Abstract
Introduction: Pluchea indica is known to have diverse pharmacological properties, including anti-inflammatory, antioxidant, antimicrobial, and anticancer activities. However, there is a pressing need to thoroughly investigate the molecular interactions between P. indica compounds and peroxisome proliferator-activated receptor gamma (PPARG). This study aimed to elucidate the molecular mechanisms behind P. indica and PPARG, and its potential implications for diabetes mellitus.
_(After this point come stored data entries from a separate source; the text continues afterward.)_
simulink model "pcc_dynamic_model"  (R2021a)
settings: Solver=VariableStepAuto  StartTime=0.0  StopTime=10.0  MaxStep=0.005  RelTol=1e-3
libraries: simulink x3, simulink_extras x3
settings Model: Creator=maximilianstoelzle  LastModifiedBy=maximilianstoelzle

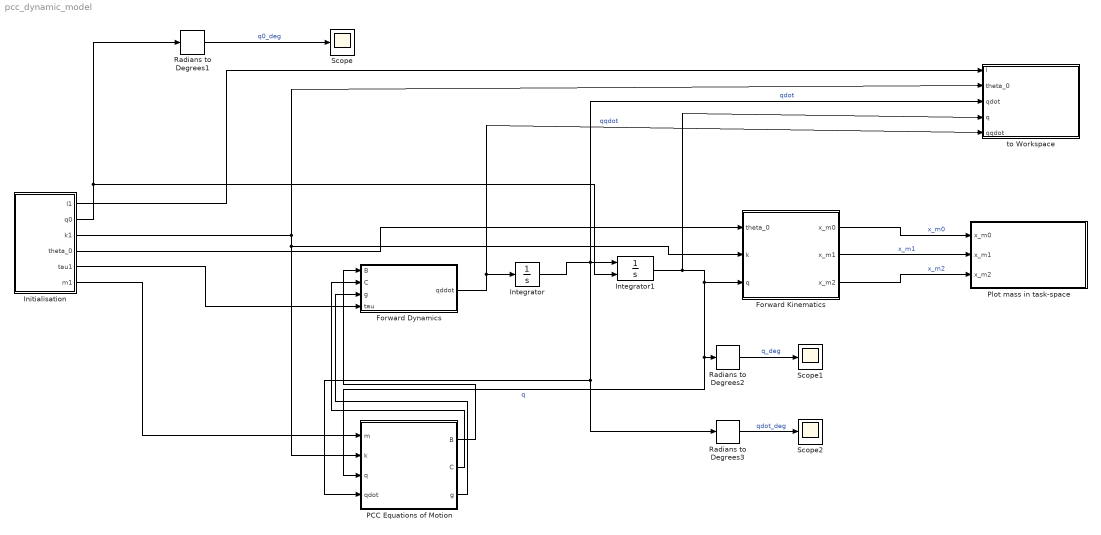
== system pcc_dynamic_model ==
  Forward Dynamics : MATLAB Function  TreatAsAtomicUnit=on
  Forward Kinematics : MATLAB Function  TreatAsAtomicUnit=on
  Initialisation : Subsystem
  Integrator : Integrator  InitialCondition=[0; 0; 0]
  Integrator1 : Integrator  InitialConditionSource=external
  PCC Equations of Motion : MATLAB Function  TreatAsAtomicUnit=on
  Plot mass in task-space : Subsystem
  Radians to Degrees1 : simulink_extras/Transformations/Radians to Degrees
  Radians to Degrees2 : simulink_extras/Transformations/Radians to Degrees
  Radians to Degrees3 : simulink_extras/Transformations/Radians to Degrees
  Scope : Scope
  Scope1 : Scope
  Scope2 : Scope
  to Workspace : Subsystem
  wires:
  Integrator/1 -> to Workspace/3(qdot), Radians to Degrees3/1, PCC Equations of Motion/4(qdot), Integrator1/1  "qdot"
  Integrator1/1 -> to Workspace/4(q), PCC Equations of Motion/3(q), Radians to Degrees2/1, Forward Kinematics/3(q)  "q"
  Radians to Degrees1/1 -> Scope/1  "q0_deg"
  Radians to Degrees2/1 -> Scope1/1  "q_deg"
  PCC Equations of Motion/1(B) -> Forward Dynamics/1(B)
  PCC Equations of Motion/2(C) -> Forward Dynamics/2(C)
  PCC Equations of Motion/3(g) -> Forward Dynamics/3(g)
  Forward Dynamics/1(qddot) -> to Workspace/5(qqdot), Integrator/1  "qqdot"
  Forward Kinematics/1(x_m0) -> Plot mass in task-space/1(x_m0)  "x_m0"
  Forward Kinematics/2(x_m1) -> Plot mass in task-space/2(x_m1)  "x_m1"
  Forward Kinematics/3(x_m2) -> Plot mass in task-space/3(x_m2)  "x_m2"
  Initialisation/3(k1) -> PCC Equations of Motion/2(k), Forward Kinematics/2(k), to Workspace/2(theta_0)
  Initialisation/2(q0) -> Radians to Degrees1/1, Integrator1/2
  Initialisation/1(l1) -> to Workspace/1(l)
  Initialisation/4(theta_0) -> Forward Kinematics/1(theta_0)
  Initialisation/5(tau1) -> Forward Dynamics/4(tau)
  Initialisation/6(m1) -> PCC Equations of Motion/1(m)
  Radians to Degrees3/1 -> Scope2/1  "qdot_deg"

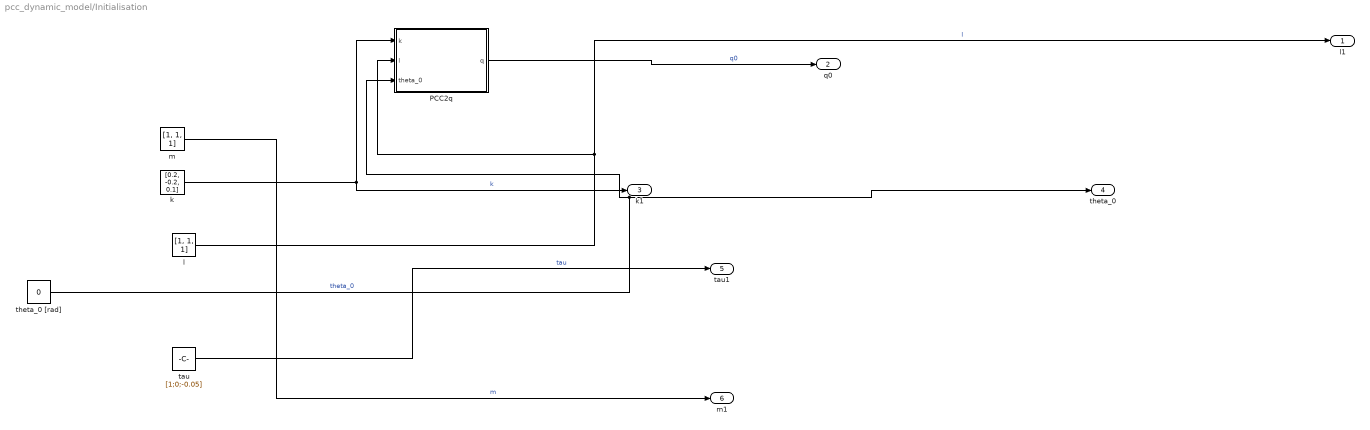
== system pcc_dynamic_model/Initialisation ==
  PCC2q : MATLAB Function  TreatAsAtomicUnit=on
  k : Constant  Value=[0.2, -0.2, 0.1]
  l : Constant  Value=[1, 1, 1]
  m : Constant  Value=[1, 1, 1]
  tau : Constant  Value=[1;0;-0.05]
  theta_0 [rad] : Constant  Value=0
  l1 : Outport
  q0 : Outport  Port=2
  k1 : Outport  Port=3
  theta_0 : Outport  Port=4
  tau1 : Outport  Port=5
  m1 : Outport  Port=6
  wires:
  tau/1 -> tau1/1  "tau"
  PCC2q/1(q) -> q0/1  "q0"
  k/1 -> k1/1, PCC2q/1(k)  "k"
  m/1 -> m1/1  "m"
  theta_0 [rad]/1 -> theta_0/1, PCC2q/3(theta_0)  "theta_0"
  l/1 -> l1/1, PCC2q/2(l)  "l"

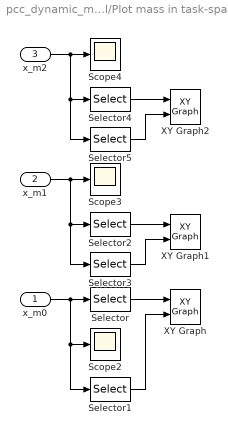
== system pcc_dynamic_model/Plot mass in task-space ==
  x_m0 : Inport
  x_m1 : Inport  Port=2
  x_m2 : Inport  Port=3
  Scope2 : Scope
  Scope3 : Scope
  Scope4 : Scope
  Selector : Selector  InputPortWidth=2  IndexOptions=Index vector (dialog)  Indices=[1]  OutputSizes=1
  Selector1 : Selector  InputPortWidth=2  IndexOptions=Index vector (dialog)  Indices=[2]  OutputSizes=1
  Selector2 : Selector  InputPortWidth=2  IndexOptions=Index vector (dialog)  Indices=[1]  OutputSizes=1
  Selector3 : Selector  InputPortWidth=2  IndexOptions=Index vector (dialog)  Indices=[2]  OutputSizes=1
  Selector4 : Selector  InputPortWidth=2  IndexOptions=Index vector (dialog)  Indices=[1]  OutputSizes=1
  Selector5 : Selector  InputPortWidth=2  IndexOptions=Index vector (dialog)  Indices=[2]  OutputSizes=1
  XY Graph : simulink/Sinks/XY Graph  xmin=-10  xmax=10  ymin=-10  ymax=10  st=-1
  XY Graph1 : simulink/Sinks/XY Graph  xmin=-10  xmax=10  ymin=-10  ymax=10  st=-1
  XY Graph2 : simulink/Sinks/XY Graph  xmin=-10  xmax=10  ymin=-10  ymax=10  st=-1
  wires:
  x_m2/1 -> Selector5/1, Selector4/1, Scope4/1
  Selector/1 -> XY Graph/1
  x_m1/1 -> Selector3/1, Selector2/1, Scope3/1
  Selector5/1 -> XY Graph2/2
  Selector3/1 -> XY Graph1/2
  Selector1/1 -> XY Graph/2
  x_m0/1 -> Scope2/1, Selector1/1, Selector/1
  Selector4/1 -> XY Graph2/1
  Selector2/1 -> XY Graph1/1

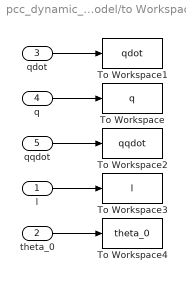
== system pcc_dynamic_model/to Workspace ==
  l : Inport
  theta_0 : Inport  Port=2
  qdot : Inport  Port=3
  q : Inport  Port=4
  qqdot : Inport  Port=5
  To Workspace : ToWorkspace  VariableName=q  SaveFormat=Timeseries  SampleTime=-1
  To Workspace1 : ToWorkspace  VariableName=qdot  SaveFormat=Timeseries  SampleTime=-1
  To Workspace2 : ToWorkspace  VariableName=qqdot  SaveFormat=Timeseries  SampleTime=-1
  To Workspace3 : ToWorkspace  VariableName=l  SaveFormat=Timeseries  SampleTime=-1
  To Workspace4 : ToWorkspace  VariableName=theta_0  SaveFormat=Timeseries  SampleTime=-1
  wires:
  theta_0/1 -> To Workspace4/1
  qdot/1 -> To Workspace1/1
  l/1 -> To Workspace3/1
  qqdot/1 -> To Workspace2/1
  q/1 -> To Workspace/1

== matlab function pcc_dynamic_model/Forward Kinematics ==
  data: theta_0 input; x_m0 output; k input; q input; x_m1 output; x_m2 output
function [x_m0, x_m1, x_m2] = forward_kinematics(theta_0, k, q)
    x_m0 = [(sin(q(1)) - sin(theta_0))/k(1); 
            -(cos(q(1)) - cos(theta_0))/k(1)];
    x_m1 = x_m0 + [(sin(q(2)) - sin(q(1)))/k(2); 
                   -(cos(q(2)) - cos(q(1)))/k(2)];
    x_m2 = x_m1 + [(sin(q(3)) - sin(q(2)))/k(3); 
                   -(cos(q(3)) - cos(q(2)))/k(3)];

end

== matlab function pcc_dynamic_model/Forward Dynamics ==
  data: B input; qddot output; C input; g input; tau input
function qddot  = forward_dynamics(B, C, g, tau)
    pinv_tol = 0.0001;
    qddot = pinv(B, pinv_tol)*(-C-g+tau);
end

== matlab function pcc_dynamic_model/Initialisation/PCC2q ==
  data: k input; q output; l input; theta_0 input
function q = pcc2q(k, l, theta_0)
    q = [theta_0 + k(1) * l(1);
         theta_0 + k(1) * l(1) + k(2) * l(2);
         theta_0 + k(1) * l(1) + k(2) * l(2) + k(3) * l(3)];
end

== matlab function pcc_dynamic_model/PCC Equations of Motion ==
  data: m input; B output; k input; q input; qdot input; C output; g output
function [B, C, g]  = pcc_eom(m, k, q, qdot)
    J_m0_P = [cos(q(1))/k(1), 0, 0;
              sin(q(1))/k(1), 0, 0];
    J_m1_P = [cos(q(1))*(1/k(1)-1/k(2)), cos(q(2))/k(2), 0;
              sin(q(1))*(1/k(1)-1/k(2)), sin(q(2))/k(2), 0];
    J_m2_P = [cos(q(1))*(1/k(1)-1/k(2)), cos(q(2))*(1/k(2)-1/k(3)), cos(q(3))/k(3);
              sin(q(1))*(1/k(1)-1/k(2)), sin(q(2))*(1/k(2)-1/k(3)), sin(q(3))/k(3)];
    Jdot_m0_P = [-sin(q(1))/k(1)*qdot(1), 0, 0;
                 cos(q(1))/k(1)*qdot(1), 0, 0];
    Jdot_m1_P = [-sin(q(1))*(1/k(1)-1/k(2))*qdot(1), cos(q(2))/k(2)*qdot(2), 0;
                 cos(q(1))*(1/k(1)-1/k(2)), sin(q(2))/k(2)*qdot(2), 0];
    Jdot_m2_P = [-sin(q(1))*(1/k(1)-1/k(2))*qdot(1), -sin(q(2))*(1/k(2)-1/k(3))*qdot(2), cos(q(3))/k(3)*qdot(3);
                 cos(q(1))*(1/k(1)-1/k(2))*qdot(1), cos(q(2))*(1/k(2)-1/k(3))*qdot(2), sin(q(3))/k(3)*qdot(3)];
    B = J_m0_P'*m(1)*J_m0_P + J_m1_P'*m(2)*J_m1_P + J_m2_P'*m(3)*J_m2_P;
    C = (Jdot_m0_P'*m(1)*J_m0_P + Jdot_m1_P'*m(2)*J_m1_P + Jdot_m2_P'*m(3)*J_m2_P)*qdot;
    g = [0; 0; 0];
end

Methods: The computational investigation employed Pharmacological Network pharmacology, homology modeling, deep learning docking, and molecular dynamics to explore the active compounds and targets within P. indica against the PPARG.
Results: Three active compounds were identified namely pinoresinol, syringaresinol, and plucheoside A, all of which complied with the Lipinski rule of five. The deep learning-based pose scores were determined as follows: Pinoresinol 0.55, syringaresinol 0.32, and plucheoside A 0.44. Additionally, protein-protein interactions were observed with PPARG and associated with the PPAR signaling pathway. Molecular dynamics simulation analysis showed the stability of the three compounds over a 100 ns period. Free energy calculations using Molecular Mechanics-Generalized Born and Surface Area (MM-GBSA) yielded ΔG values of -44.39 kcal/mol, -51.83 kcal/mol, and -40.27 kcal/mol for pinoresinol, syringaresinol, and plucheoside A, respectively.
Conclusion: Pluchea indica might be developed to treat various diseases, particularly those involving the PPARG signaling pathway. It suggests the possibility of being developed as a focused medication for diabetes.